EXERCISE MATERIALS:
========================================================================

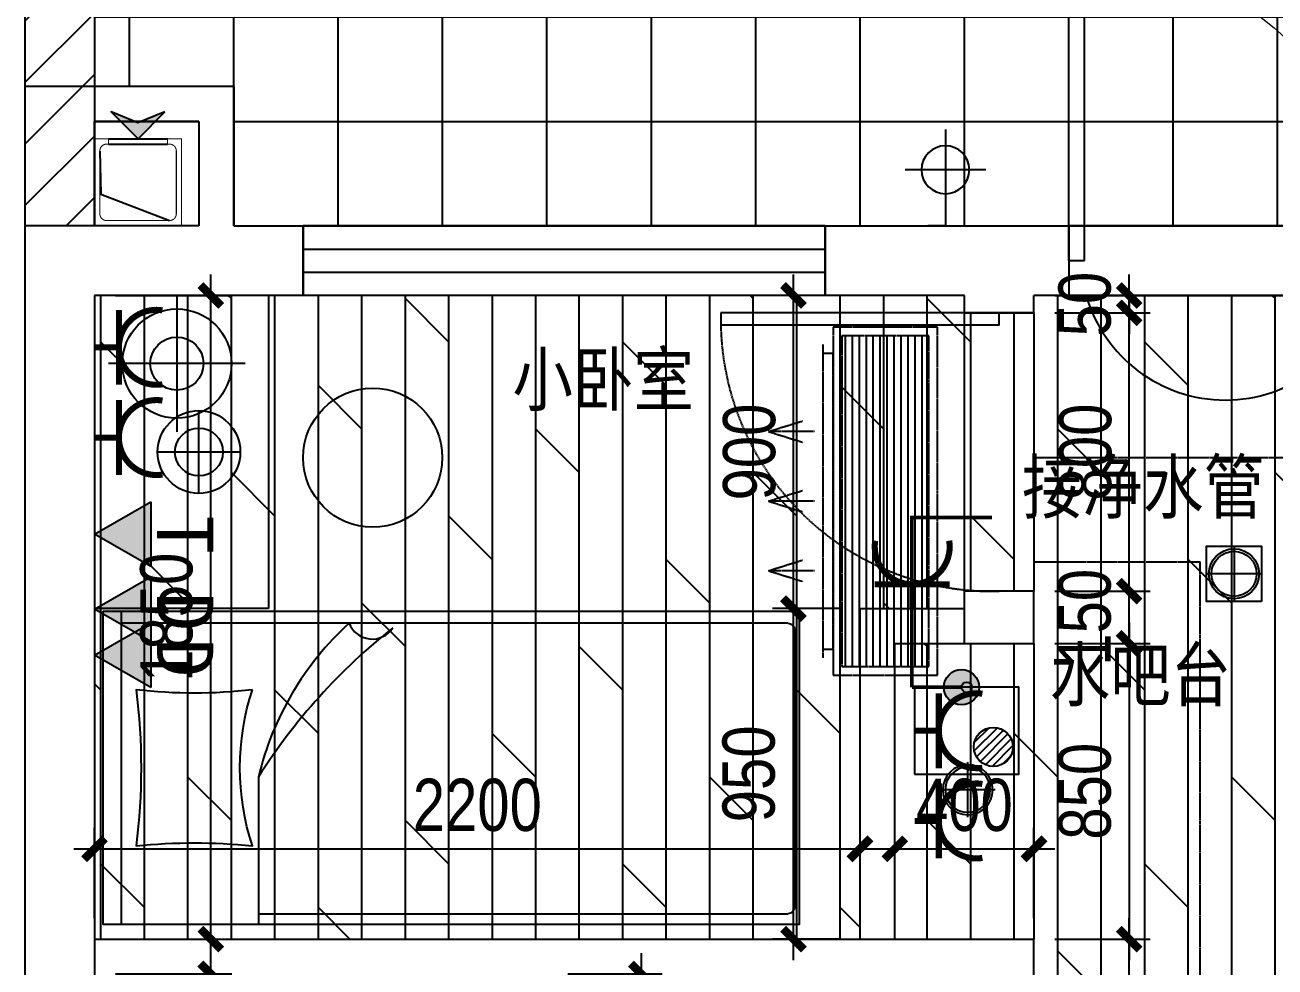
# Model space of a CAD drawing. Extents: x 160245 to 405305, y -111140 to 232735.
# Drawn here: x 270407 to 274000, y -98421 to -95713 of the extents above; entities that cross this region are included whole.
import ezdxf

# ---------------------------------------------------------------- set-up
doc = ezdxf.new("R2010")
doc.units = 0
doc.header["$LTSCALE"] = 10
doc.header["$MEASUREMENT"] = 0
doc.linetypes.add('DASH', pattern=[0.35, 0.25, -0.1])
doc.layers.get('Defpoints').update_dxf_attribs({"color": 229})
for name, color, linetype in [('C-ceiling 天花', 153, 'Continuous'), ('C-Light 灯具', 107, 'Continuous'), ('C-Lingt 落地灯 台灯', 107, 'Continuous'), ('Door 门', 107, 'Continuous'), ('P-floorpat地面', 8, 'Continuous'), ('P-Furniture 家具', 153, 'Continuous'), ('P-N wall 新建隔墙', 241, 'Continuous'), ('P-New Wall Size 隔墙尺寸', 8, 'Continuous'), ('P-O wall 原始墙体', 245, 'Continuous'), ('P-Stair 楼梯（原建筑设备）', 159, 'Continuous'), ('P-Text  平面文字', 9, 'Continuous'), ('P-window 窗', 107, 'Continuous'), ('PW01-POWERPOINT___DATAPOIN', 2, 'Continuous'), ('WALL', 9, 'Continuous'), ('Z-给排水', 6, 'Continuous'), ('插座说明', 2, 'Continuous'), ('空调', 145, 'DASH')]:
    doc.layers.add(name, color=color, linetype=linetype)
doc.styles.add('PDC DIM', font='PMingLiU-ExtB.ttf', dxfattribs={"width": 0.85})
doc.styles.add('黑体', font='simhei.ttf')
doc.dimstyles.new('PDC-A2', dxfattribs={"dimscale": 0, "dimtxt": 2.5, "dimasz": 1, "dimexe": 1, "dimexo": 1, "dimgap": 0.7, "dimtad": 1, "dimdec": 0, "dimtxsty": 'PDC DIM', "dimblk": 'ARCHTICK', "dimcen": 1, "dimdle": 1, "dimclrd": 8, "dimclre": 8, "dimclrt": 9, "dimadec": 0, "dimazin": 0, "dimtfac": 1, "dimtdec": 0, "dimtix": 1, "dimtmove": 2, "dimatfit": 3, "dimldrblk": 'PDC A2 T R', "dimfxl": 10, "dimfxlon": 1, "dimarcsym": 0})

# ---------------------------------------------------------------- blocks, each defined once
blk = doc.blocks.new('A$C7BB304D7')
blk.add_hatch(color=256).paths.add_polyline_path([(126.5, 77.4), (203.8, 0.2), (126.3, 31.7), (49.1, 0)])
at = {"linetype": 'DASH', "ltscale": 0.5}
for p, q in [((1.5, 330.2), (1.5, 30.2)), ((301.5, 330.2), (1.5, 330.2)), ((301.5, 30.2), (301.5, 330.2)), ((1.5, 30.2), (301.5, 30.2))]:
    blk.add_line(p, q, dxfattribs=at)
for p, q in [((41.5, 95.2), (211.5, 95.2)), ((41.5, 80.2), (211.5, 80.2))]:
    blk.add_line(p, q)
at = {"const_width": 3}
blk.add_lwpolyline([(1.5, 80.2), (1.5, 330.2), (251.5, 330.2), (251.5, 80.2), (211.5, 80.2), (211.5, 95.2), (216.5, 95.2, 0.414214), (236.5, 115.2), (236.5, 295.2, 0.414214), (216.5, 315.2), (36.5, 315.2, 0.414214), (16.5, 295.2), (16.5, 115.2, 0.414214), (36.5, 95.2), (41.5, 95.2), (41.5, 80.2)], format="xyb", close=True, dxfattribs=at)
blk.add_lwpolyline([(16.5, 115.2), (19.3, 239.2), (216.5, 315.2)])
blk.add_lwpolyline([(203.8, 2.9), (126.3, 34.4), (49.1, 2.7), (126.5, 80.2)], close=True)
blk = doc.blocks.new('$DorLib2D$00000001')
for p, q in [((0.45, 0.975), (0.5, 0.975)), ((0.45, 0), (0.45, 0.975)), ((0.5, 0), (0.5, 0.975)), ((0.5, 0), (0.45, 0))]:
    blk.add_line(p, q)
at = {"lineweight": 13}
blk.add_arc((0.475, 0), 0.975, 91.4693, 180, dxfattribs=at)
blk = doc.blocks.new('$WINLIB2D$00000001')
at = {"color": 0}
for points in [[(-0.5, 0.5), (-0.5, -0.5)], [(-0.5, 0.5), (0.5, 0.5)], [(0.5, -0.5), (0.5, 0.5)], [(0.5, 0.1667), (-0.5, 0.1667)], [(0.5, -0.1667), (-0.5, -0.1667)], [(-0.5, -0.5), (0.5, -0.5)]]:
    blk.add_lwpolyline(points, dxfattribs=at)
blk = doc.blocks.new('fffg')
blk.add_lwpolyline([(143.1, 669.9), (109, 669.9), (109, -130.1), (143.1, -130.1)], close=True)
at = {"color": 8, "linetype": 'DASH'}
blk.add_arc((123.2, -110.2), 780.4, 88.5421, 181.4579, dxfattribs=at)
blk = doc.blocks.new('_ArchTick')
at = {"color": 0, "linetype": 'ByBlock', "const_width": 0.4}
blk.add_lwpolyline([(-0.5, -0.5), (0.5, 0.5)], dxfattribs=at)
blk = doc.blocks.new('*D2225')
at = {"layer": 'Defpoints', "color": 0, "transparency": 16777216}
for p in [(270606.9, -98440.6), (270941, -98440.6), (270606.9, -100740.6)]:
    blk.add_point(p, dxfattribs=at)
at = {"layer": 'P-New Wall Size 隔墙尺寸', "color": 8, "lineweight": -2, "transparency": 16777216}
for p, q in [((270941, -100800.6), (270941, -98380.6)), ((270666.9, -98440.6), (271001, -98440.6)), ((270666.9, -100740.6), (271001, -100740.6))]:
    blk.add_line(p, q, dxfattribs=at)
at = {"layer": 'P-New Wall Size 隔墙尺寸', "color": 8, "lineweight": -2, "transparency": 16777216, "xscale": 60, "yscale": 60, "zscale": 60}
for p, rotation in [((270941, -98440.6), 90), ((270941, -100740.6), 270)]:
    blk.add_blockref('_ArchTick', p, dxfattribs=dict(at, rotation=rotation))
at = {"layer": 'P-New Wall Size 隔墙尺寸', "color": 9, "transparency": 16777216, "insert": (270815.5, -99590.6), "char_height": 150, "attachment_point": 5, "rotation": 90, "style": 'PDC DIM'}
blk.add_mtext('2300', dxfattribs=at)
blk = doc.blocks.new('PDC A2 T R')
at = {"color": 0, "linetype": 'ByBlock'}
blk.add_line((0, 0), (-2, 0), dxfattribs=at)
for points in [[(-2.147, 0.886), (-1.491, 1.345), (-0.6, 0), (0, 0)], [(-2.147, -0.886), (-1.491, -1.345), (-0.6, 0), (0, 0)]]:
    blk.add_solid(points, dxfattribs=at)
blk = doc.blocks.new('*D2226')
at = {"layer": 'Defpoints', "color": 0, "transparency": 16777216}
for p in [(270606.9, -96490.6), (270941, -96490.6), (270606.9, -98340.6)]:
    blk.add_point(p, dxfattribs=at)
at = {"layer": 'P-New Wall Size 隔墙尺寸', "color": 8, "lineweight": -2, "transparency": 16777216}
for p, q in [((270941, -98400.6), (270941, -96430.6)), ((270666.9, -96490.6), (271001, -96490.6)), ((270666.9, -98340.6), (271001, -98340.6))]:
    blk.add_line(p, q, dxfattribs=at)
at = {"layer": 'P-New Wall Size 隔墙尺寸', "color": 8, "lineweight": -2, "transparency": 16777216, "xscale": 60, "yscale": 60, "zscale": 60}
for p, rotation in [((270941, -96490.6), 90), ((270941, -98340.6), 270)]:
    blk.add_blockref('_ArchTick', p, dxfattribs=dict(at, rotation=rotation))
at = {"layer": 'P-New Wall Size 隔墙尺寸', "color": 9, "transparency": 16777216, "insert": (270814.1, -97415.6), "char_height": 150, "attachment_point": 5, "rotation": 90, "style": 'PDC DIM'}
blk.add_mtext('1850', dxfattribs=at)
blk = doc.blocks.new('*D2227')
at = {"layer": 'Defpoints', "color": 0, "transparency": 16777216}
for p in [(272806.9, -98081.1), (270606.9, -98340.6), (272806.9, -98340.6)]:
    blk.add_point(p, dxfattribs=at)
at = {"layer": 'P-New Wall Size 隔墙尺寸', "color": 8, "lineweight": -2, "transparency": 16777216}
for p, q in [((270606.9, -98280.6), (270606.9, -98021.1)), ((272806.9, -98280.6), (272806.9, -98021.1)), ((270546.9, -98081.1), (272866.9, -98081.1))]:
    blk.add_line(p, q, dxfattribs=at)
at = {"layer": 'P-New Wall Size 隔墙尺寸', "color": 8, "lineweight": -2, "transparency": 16777216, "xscale": 60, "yscale": 60, "zscale": 60, "rotation": 180}
blk.add_blockref('_ArchTick', (270606.9, -98081.1), dxfattribs=at)
at = {"layer": 'P-New Wall Size 隔墙尺寸', "color": 8, "lineweight": -2, "transparency": 16777216, "xscale": 60, "yscale": 60, "zscale": 60}
blk.add_blockref('_ArchTick', (272806.9, -98081.1), dxfattribs=at)
at = {"layer": 'P-New Wall Size 隔墙尺寸', "color": 9, "transparency": 16777216, "insert": (271706.9, -97955.6), "char_height": 150, "attachment_point": 5, "style": 'PDC DIM'}
blk.add_mtext('2200', dxfattribs=at)
blk = doc.blocks.new('*D2228')
at = {"layer": 'Defpoints', "color": 0, "transparency": 16777216}
for p in [(273306.9, -98081.1), (272906.9, -98340.6), (273306.9, -98340.6)]:
    blk.add_point(p, dxfattribs=at)
at = {"layer": 'P-New Wall Size 隔墙尺寸', "color": 8, "lineweight": -2, "transparency": 16777216}
for p, q in [((272906.9, -98280.6), (272906.9, -98021.1)), ((273306.9, -98280.6), (273306.9, -98021.1)), ((272846.9, -98081.1), (273366.9, -98081.1))]:
    blk.add_line(p, q, dxfattribs=at)
at = {"layer": 'P-New Wall Size 隔墙尺寸', "color": 8, "lineweight": -2, "transparency": 16777216, "xscale": 60, "yscale": 60, "zscale": 60, "rotation": 180}
blk.add_blockref('_ArchTick', (272906.9, -98081.1), dxfattribs=at)
at = {"layer": 'P-New Wall Size 隔墙尺寸', "color": 8, "lineweight": -2, "transparency": 16777216, "xscale": 60, "yscale": 60, "zscale": 60}
blk.add_blockref('_ArchTick', (273306.9, -98081.1), dxfattribs=at)
at = {"layer": 'P-New Wall Size 隔墙尺寸', "color": 9, "transparency": 16777216, "insert": (273106.9, -97955.6), "char_height": 150, "attachment_point": 5, "style": 'PDC DIM'}
blk.add_mtext('400', dxfattribs=at)
blk = doc.blocks.new('*D2233')
at = {"layer": 'Defpoints', "color": 0, "transparency": 16777216}
for p in [(271906.9, -98440.6), (272178.4, -98440.6), (271906.9, -99040.6)]:
    blk.add_point(p, dxfattribs=at)
at = {"layer": 'P-New Wall Size 隔墙尺寸', "color": 8, "lineweight": -2, "transparency": 16777216}
for p, q in [((272178.4, -99100.6), (272178.4, -98380.6)), ((271966.9, -98440.6), (272238.4, -98440.6)), ((271966.9, -99040.6), (272238.4, -99040.6))]:
    blk.add_line(p, q, dxfattribs=at)
at = {"layer": 'P-New Wall Size 隔墙尺寸', "color": 8, "lineweight": -2, "transparency": 16777216, "xscale": 60, "yscale": 60, "zscale": 60}
for p, rotation in [((272178.4, -98440.6), 90), ((272178.4, -99040.6), 270)]:
    blk.add_blockref('_ArchTick', p, dxfattribs=dict(at, rotation=rotation))
at = {"layer": 'P-New Wall Size 隔墙尺寸', "color": 9, "transparency": 16777216, "insert": (272051.9, -98740.6), "char_height": 150, "attachment_point": 5, "rotation": 90, "style": 'PDC DIM'}
blk.add_mtext('600', dxfattribs=at)
blk = doc.blocks.new('*D2236')
at = {"layer": 'Defpoints', "color": 0, "transparency": 16777216}
for p in [(273306.9, -98340.6), (273580.4, -98340.6), (273306.9, -99040.6)]:
    blk.add_point(p, dxfattribs=at)
at = {"layer": 'P-New Wall Size 隔墙尺寸', "color": 8, "lineweight": -2, "transparency": 16777216}
for p, q in [((273580.4, -99100.6), (273580.4, -98280.6)), ((273366.9, -98340.6), (273640.4, -98340.6)), ((273366.9, -99040.6), (273640.4, -99040.6))]:
    blk.add_line(p, q, dxfattribs=at)
at = {"layer": 'P-New Wall Size 隔墙尺寸', "color": 8, "lineweight": -2, "transparency": 16777216, "xscale": 60, "yscale": 60, "zscale": 60}
for p, rotation in [((273580.4, -98340.6), 90), ((273580.4, -99040.6), 270)]:
    blk.add_blockref('_ArchTick', p, dxfattribs=dict(at, rotation=rotation))
at = {"layer": 'P-New Wall Size 隔墙尺寸', "color": 9, "transparency": 16777216, "insert": (273454.9, -98690.6), "char_height": 150, "attachment_point": 5, "rotation": 90, "style": 'PDC DIM'}
blk.add_mtext('700', dxfattribs=at)
blk = doc.blocks.new('*D2237')
at = {"layer": 'Defpoints', "color": 0, "transparency": 16777216}
for p in [(273306.9, -97490.6), (273306.9, -98340.6), (273580.4, -98340.6)]:
    blk.add_point(p, dxfattribs=at)
at = {"layer": 'P-New Wall Size 隔墙尺寸', "color": 8, "lineweight": -2, "transparency": 16777216}
for p, q in [((273580.4, -97430.6), (273580.4, -98400.6)), ((273366.9, -97490.6), (273640.4, -97490.6)), ((273366.9, -98340.6), (273640.4, -98340.6))]:
    blk.add_line(p, q, dxfattribs=at)
at = {"layer": 'P-New Wall Size 隔墙尺寸', "color": 8, "lineweight": -2, "transparency": 16777216, "xscale": 60, "yscale": 60, "zscale": 60}
for p, rotation in [((273580.4, -97490.6), 90), ((273580.4, -98340.6), 270)]:
    blk.add_blockref('_ArchTick', p, dxfattribs=dict(at, rotation=rotation))
at = {"layer": 'P-New Wall Size 隔墙尺寸', "color": 9, "transparency": 16777216, "insert": (273453.4, -97915.6), "char_height": 150, "attachment_point": 5, "rotation": 90, "style": 'PDC DIM'}
blk.add_mtext('850', dxfattribs=at)
blk = doc.blocks.new('*D2238')
at = {"layer": 'Defpoints', "color": 0, "transparency": 16777216}
for p in [(273306.9, -97340.6), (273580.4, -97340.6), (273306.9, -97490.6)]:
    blk.add_point(p, dxfattribs=at)
at = {"layer": 'P-New Wall Size 隔墙尺寸', "color": 8, "lineweight": -2, "transparency": 16777216}
for p, q in [((273580.4, -97340.6), (273580.4, -97280.6)), ((273366.9, -97340.6), (273640.4, -97340.6)), ((273580.4, -97490.6), (273580.4, -97340.6)), ((273366.9, -97490.6), (273640.4, -97490.6)), ((273580.4, -97490.6), (273580.4, -97550.6))]:
    blk.add_line(p, q, dxfattribs=at)
at = {"layer": 'P-New Wall Size 隔墙尺寸', "color": 8, "lineweight": -2, "transparency": 16777216, "xscale": 60, "yscale": 60, "zscale": 60}
for p, rotation in [((273580.4, -97340.6), 270), ((273580.4, -97490.6), 90)]:
    blk.add_blockref('_ArchTick', p, dxfattribs=dict(at, rotation=rotation))
at = {"layer": 'P-New Wall Size 隔墙尺寸', "color": 9, "transparency": 16777216, "insert": (273453.4, -97415.6), "char_height": 150, "attachment_point": 5, "rotation": 90, "style": 'PDC DIM'}
blk.add_mtext('150', dxfattribs=at)
blk = doc.blocks.new('*D2239')
at = {"layer": 'Defpoints', "color": 0, "transparency": 16777216}
for p in [(273306.9, -96540.6), (273580.4, -96540.6), (273306.9, -97340.6)]:
    blk.add_point(p, dxfattribs=at)
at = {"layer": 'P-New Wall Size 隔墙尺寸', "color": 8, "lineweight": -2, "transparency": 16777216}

========================================================================

WORK INSTRUCTIONS:
Lines above containing "ByBlock": give their number only.

EXPECTED OUTPUT:
2